EXERCISE REQUIREMENTS
A single number is the answer: how many lines of the data hold "surface"?

============================================================

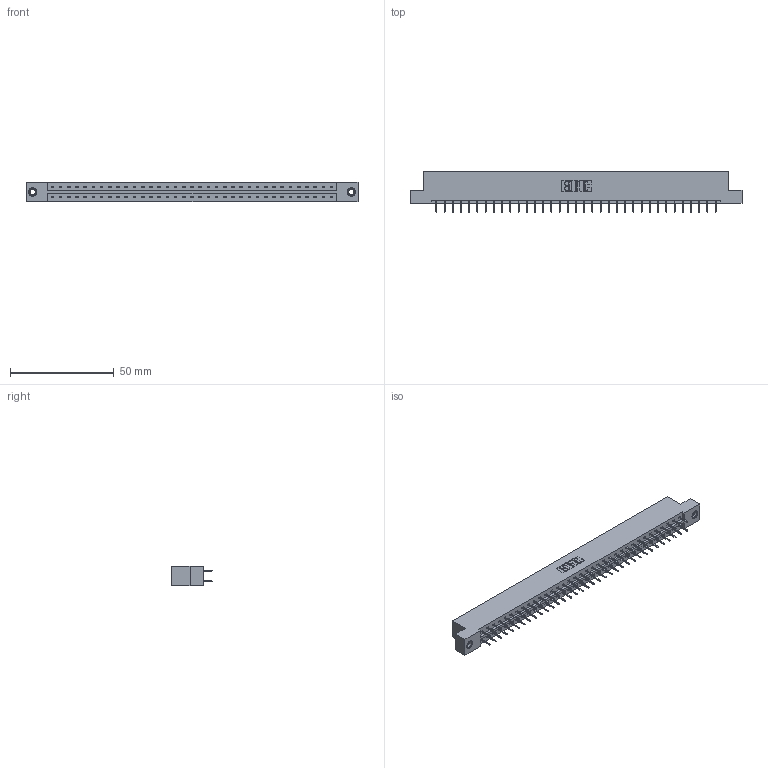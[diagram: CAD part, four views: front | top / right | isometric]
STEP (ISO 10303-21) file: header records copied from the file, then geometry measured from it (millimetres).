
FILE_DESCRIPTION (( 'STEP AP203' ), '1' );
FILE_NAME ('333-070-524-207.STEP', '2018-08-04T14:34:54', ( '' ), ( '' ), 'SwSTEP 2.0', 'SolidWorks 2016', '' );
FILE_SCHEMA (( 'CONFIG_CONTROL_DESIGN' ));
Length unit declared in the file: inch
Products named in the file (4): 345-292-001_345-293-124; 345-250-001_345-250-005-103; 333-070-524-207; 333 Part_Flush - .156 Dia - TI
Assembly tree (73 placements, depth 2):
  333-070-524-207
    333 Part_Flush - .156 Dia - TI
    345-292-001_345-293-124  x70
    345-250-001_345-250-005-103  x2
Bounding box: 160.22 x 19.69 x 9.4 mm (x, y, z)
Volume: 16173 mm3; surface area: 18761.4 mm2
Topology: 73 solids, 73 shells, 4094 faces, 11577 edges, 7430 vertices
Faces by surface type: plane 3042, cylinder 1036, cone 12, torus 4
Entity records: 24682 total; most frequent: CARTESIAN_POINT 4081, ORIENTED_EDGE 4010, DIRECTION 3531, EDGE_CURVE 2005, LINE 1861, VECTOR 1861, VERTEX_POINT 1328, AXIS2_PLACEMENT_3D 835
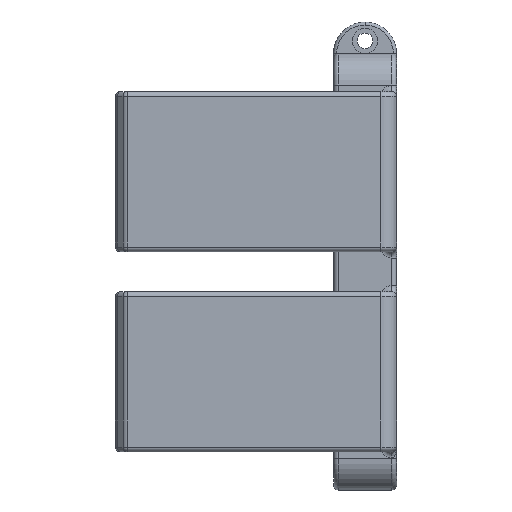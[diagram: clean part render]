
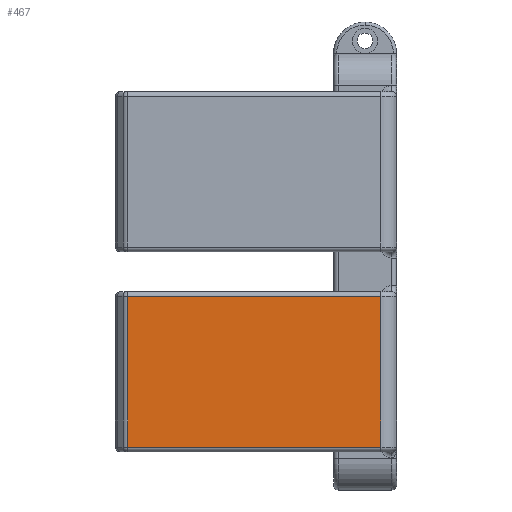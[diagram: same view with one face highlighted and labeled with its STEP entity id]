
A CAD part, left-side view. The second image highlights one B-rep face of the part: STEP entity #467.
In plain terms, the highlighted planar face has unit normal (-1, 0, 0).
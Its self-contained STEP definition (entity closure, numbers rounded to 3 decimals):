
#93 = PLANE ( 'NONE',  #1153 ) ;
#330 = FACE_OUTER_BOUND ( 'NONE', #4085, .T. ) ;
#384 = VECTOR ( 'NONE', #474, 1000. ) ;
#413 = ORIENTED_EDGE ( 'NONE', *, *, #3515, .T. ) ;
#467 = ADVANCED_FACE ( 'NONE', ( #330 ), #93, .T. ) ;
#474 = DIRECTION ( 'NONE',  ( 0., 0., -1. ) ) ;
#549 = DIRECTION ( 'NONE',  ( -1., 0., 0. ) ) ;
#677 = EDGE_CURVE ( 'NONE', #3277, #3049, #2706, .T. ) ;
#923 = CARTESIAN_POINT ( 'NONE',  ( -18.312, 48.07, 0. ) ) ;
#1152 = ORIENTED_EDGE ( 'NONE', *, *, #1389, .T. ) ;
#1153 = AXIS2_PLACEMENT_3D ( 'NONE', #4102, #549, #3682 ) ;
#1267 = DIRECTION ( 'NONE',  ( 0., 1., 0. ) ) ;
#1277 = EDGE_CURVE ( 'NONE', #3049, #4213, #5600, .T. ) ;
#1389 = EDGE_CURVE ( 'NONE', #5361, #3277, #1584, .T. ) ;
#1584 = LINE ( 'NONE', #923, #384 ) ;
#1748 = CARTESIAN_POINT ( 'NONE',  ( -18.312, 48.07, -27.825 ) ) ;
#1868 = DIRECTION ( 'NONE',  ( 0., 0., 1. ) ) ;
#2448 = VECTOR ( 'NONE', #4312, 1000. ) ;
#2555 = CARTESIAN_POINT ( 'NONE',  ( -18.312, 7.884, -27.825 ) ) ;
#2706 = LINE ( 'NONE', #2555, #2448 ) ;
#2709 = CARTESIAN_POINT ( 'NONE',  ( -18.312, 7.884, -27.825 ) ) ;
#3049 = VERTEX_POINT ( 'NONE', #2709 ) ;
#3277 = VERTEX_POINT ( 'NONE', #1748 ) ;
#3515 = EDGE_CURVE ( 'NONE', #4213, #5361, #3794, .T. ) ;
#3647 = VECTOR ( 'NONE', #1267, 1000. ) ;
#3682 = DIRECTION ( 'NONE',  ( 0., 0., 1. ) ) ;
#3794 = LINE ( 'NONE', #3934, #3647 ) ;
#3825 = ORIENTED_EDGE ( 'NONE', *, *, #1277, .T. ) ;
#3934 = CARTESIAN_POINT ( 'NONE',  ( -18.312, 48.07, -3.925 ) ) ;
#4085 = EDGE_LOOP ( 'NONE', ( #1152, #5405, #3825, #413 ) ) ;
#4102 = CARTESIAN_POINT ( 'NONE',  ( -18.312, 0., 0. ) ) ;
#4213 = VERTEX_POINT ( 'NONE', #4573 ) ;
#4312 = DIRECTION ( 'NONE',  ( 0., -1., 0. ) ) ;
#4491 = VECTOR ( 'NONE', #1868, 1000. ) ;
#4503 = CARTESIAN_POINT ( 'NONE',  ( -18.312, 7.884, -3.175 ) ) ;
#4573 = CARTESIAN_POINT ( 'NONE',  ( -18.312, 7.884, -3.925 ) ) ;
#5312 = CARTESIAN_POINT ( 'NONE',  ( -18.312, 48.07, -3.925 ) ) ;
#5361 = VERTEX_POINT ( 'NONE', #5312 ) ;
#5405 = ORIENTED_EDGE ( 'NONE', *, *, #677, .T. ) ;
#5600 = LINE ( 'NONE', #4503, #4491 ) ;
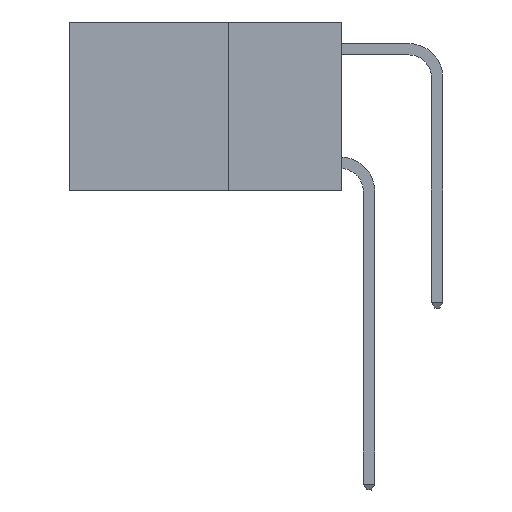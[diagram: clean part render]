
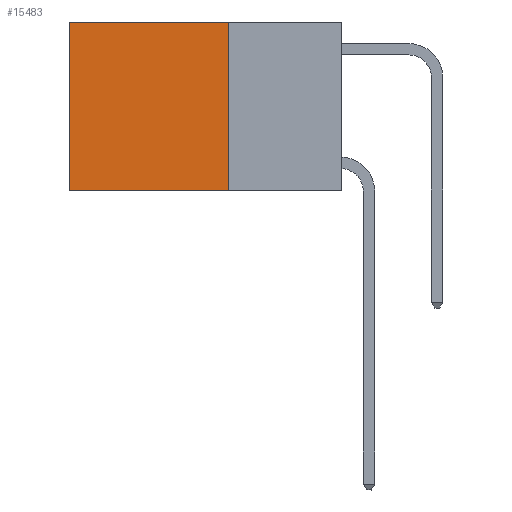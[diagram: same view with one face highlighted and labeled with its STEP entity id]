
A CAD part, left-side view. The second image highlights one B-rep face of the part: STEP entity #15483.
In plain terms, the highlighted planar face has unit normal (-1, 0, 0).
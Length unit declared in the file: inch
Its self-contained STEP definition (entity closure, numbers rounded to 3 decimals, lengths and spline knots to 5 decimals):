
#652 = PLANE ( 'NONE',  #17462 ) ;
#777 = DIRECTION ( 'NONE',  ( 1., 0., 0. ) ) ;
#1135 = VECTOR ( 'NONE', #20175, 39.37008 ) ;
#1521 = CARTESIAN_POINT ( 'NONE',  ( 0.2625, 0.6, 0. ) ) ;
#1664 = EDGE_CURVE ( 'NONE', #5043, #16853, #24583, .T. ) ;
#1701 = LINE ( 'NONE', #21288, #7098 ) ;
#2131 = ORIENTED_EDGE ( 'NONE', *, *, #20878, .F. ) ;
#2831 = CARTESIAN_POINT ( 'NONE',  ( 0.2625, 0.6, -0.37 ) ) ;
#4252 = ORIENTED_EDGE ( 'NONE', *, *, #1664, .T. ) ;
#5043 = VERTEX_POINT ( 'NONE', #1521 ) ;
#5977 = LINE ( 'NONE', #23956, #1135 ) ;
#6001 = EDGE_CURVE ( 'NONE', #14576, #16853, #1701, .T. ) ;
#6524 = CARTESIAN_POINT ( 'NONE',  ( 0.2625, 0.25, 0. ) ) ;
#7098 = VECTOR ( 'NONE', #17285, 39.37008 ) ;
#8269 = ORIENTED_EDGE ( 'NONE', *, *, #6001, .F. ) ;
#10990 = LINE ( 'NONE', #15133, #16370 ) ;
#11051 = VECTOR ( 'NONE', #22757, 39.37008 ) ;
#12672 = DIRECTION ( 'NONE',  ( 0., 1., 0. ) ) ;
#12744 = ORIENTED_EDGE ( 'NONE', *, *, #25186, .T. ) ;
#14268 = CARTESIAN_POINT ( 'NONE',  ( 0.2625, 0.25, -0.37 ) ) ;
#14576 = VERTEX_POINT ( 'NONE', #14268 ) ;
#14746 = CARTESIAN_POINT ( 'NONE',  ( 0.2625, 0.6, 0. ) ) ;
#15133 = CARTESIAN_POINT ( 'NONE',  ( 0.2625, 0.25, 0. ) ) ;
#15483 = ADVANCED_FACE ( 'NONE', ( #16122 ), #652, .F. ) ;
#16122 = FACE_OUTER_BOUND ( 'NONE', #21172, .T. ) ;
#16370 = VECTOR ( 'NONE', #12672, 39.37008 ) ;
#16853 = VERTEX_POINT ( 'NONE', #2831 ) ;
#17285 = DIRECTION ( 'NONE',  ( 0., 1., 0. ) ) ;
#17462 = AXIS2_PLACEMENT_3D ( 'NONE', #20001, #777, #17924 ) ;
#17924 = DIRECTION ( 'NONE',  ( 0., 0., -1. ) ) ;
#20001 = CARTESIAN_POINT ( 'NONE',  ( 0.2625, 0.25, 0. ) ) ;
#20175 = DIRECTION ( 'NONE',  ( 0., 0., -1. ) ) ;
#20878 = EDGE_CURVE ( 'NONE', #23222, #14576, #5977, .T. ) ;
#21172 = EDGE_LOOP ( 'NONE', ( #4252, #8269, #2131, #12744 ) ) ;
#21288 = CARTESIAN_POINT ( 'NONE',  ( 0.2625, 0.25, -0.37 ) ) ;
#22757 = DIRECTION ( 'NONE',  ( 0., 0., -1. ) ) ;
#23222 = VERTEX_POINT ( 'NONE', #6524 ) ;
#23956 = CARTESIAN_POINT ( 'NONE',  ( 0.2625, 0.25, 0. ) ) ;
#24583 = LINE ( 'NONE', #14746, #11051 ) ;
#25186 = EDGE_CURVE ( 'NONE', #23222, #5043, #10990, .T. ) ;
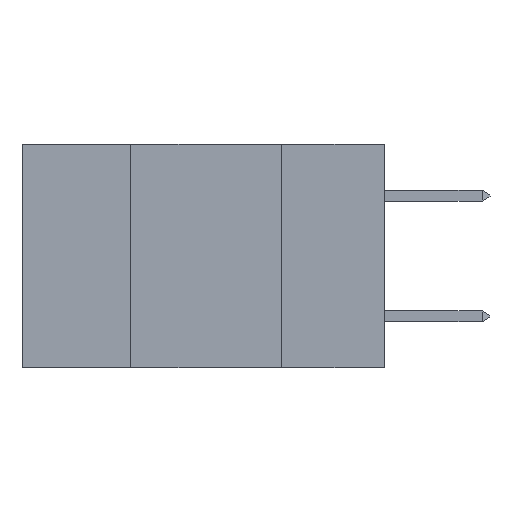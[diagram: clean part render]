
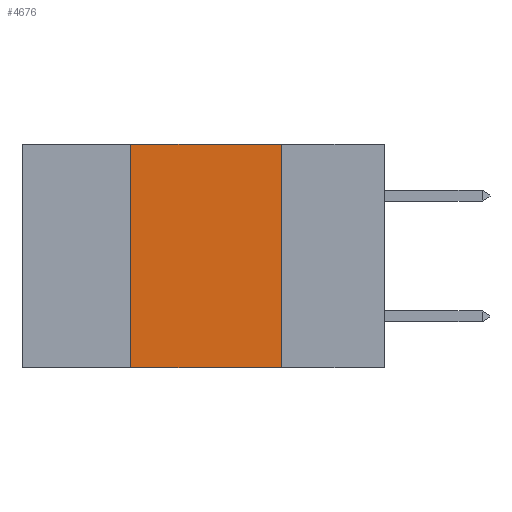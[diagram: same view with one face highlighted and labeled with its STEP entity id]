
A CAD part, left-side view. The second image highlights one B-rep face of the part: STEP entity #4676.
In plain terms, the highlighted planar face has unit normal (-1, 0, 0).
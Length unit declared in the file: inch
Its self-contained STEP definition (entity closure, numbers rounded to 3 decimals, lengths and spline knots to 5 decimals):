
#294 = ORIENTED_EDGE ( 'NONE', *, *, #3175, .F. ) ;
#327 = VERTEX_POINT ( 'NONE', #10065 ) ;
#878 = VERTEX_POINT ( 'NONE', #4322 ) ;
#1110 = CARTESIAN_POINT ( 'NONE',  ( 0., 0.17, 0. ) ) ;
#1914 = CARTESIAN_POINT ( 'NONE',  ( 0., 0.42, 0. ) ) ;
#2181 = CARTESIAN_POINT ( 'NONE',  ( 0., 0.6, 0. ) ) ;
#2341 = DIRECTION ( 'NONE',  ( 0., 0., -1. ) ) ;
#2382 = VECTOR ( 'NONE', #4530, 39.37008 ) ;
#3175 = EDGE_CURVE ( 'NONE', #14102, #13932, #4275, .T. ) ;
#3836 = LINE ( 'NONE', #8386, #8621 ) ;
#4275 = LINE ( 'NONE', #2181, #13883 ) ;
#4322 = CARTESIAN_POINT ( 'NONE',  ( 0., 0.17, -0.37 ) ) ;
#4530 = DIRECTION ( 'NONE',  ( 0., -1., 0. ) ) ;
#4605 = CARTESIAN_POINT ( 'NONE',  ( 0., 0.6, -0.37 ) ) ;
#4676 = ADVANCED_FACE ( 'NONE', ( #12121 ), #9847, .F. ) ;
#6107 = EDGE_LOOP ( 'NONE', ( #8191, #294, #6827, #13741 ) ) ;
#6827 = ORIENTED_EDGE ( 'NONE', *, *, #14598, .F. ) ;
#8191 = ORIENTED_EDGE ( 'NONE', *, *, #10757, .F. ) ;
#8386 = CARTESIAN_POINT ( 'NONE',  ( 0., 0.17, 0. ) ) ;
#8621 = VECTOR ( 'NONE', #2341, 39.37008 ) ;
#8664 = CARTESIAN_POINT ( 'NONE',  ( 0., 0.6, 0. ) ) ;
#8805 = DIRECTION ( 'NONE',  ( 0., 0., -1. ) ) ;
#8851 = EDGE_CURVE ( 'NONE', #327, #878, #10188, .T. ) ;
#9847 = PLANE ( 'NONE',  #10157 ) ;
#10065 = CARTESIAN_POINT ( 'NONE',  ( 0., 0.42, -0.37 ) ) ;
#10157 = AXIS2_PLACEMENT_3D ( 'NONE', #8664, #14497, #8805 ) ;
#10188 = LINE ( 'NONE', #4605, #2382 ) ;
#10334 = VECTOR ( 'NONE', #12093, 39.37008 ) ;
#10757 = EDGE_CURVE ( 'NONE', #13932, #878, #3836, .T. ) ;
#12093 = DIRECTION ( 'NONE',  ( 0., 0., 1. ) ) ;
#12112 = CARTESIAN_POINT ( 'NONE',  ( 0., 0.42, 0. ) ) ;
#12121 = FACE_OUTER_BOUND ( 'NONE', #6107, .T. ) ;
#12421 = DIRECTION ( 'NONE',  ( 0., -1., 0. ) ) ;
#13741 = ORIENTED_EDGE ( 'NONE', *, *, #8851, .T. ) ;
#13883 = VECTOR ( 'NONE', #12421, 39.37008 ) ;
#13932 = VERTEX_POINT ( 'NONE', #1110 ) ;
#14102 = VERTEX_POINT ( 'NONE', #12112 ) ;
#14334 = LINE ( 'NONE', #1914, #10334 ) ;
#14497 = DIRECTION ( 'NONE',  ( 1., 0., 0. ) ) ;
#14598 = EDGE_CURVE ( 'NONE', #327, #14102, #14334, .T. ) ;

============================================================

ANSWER SECTION
2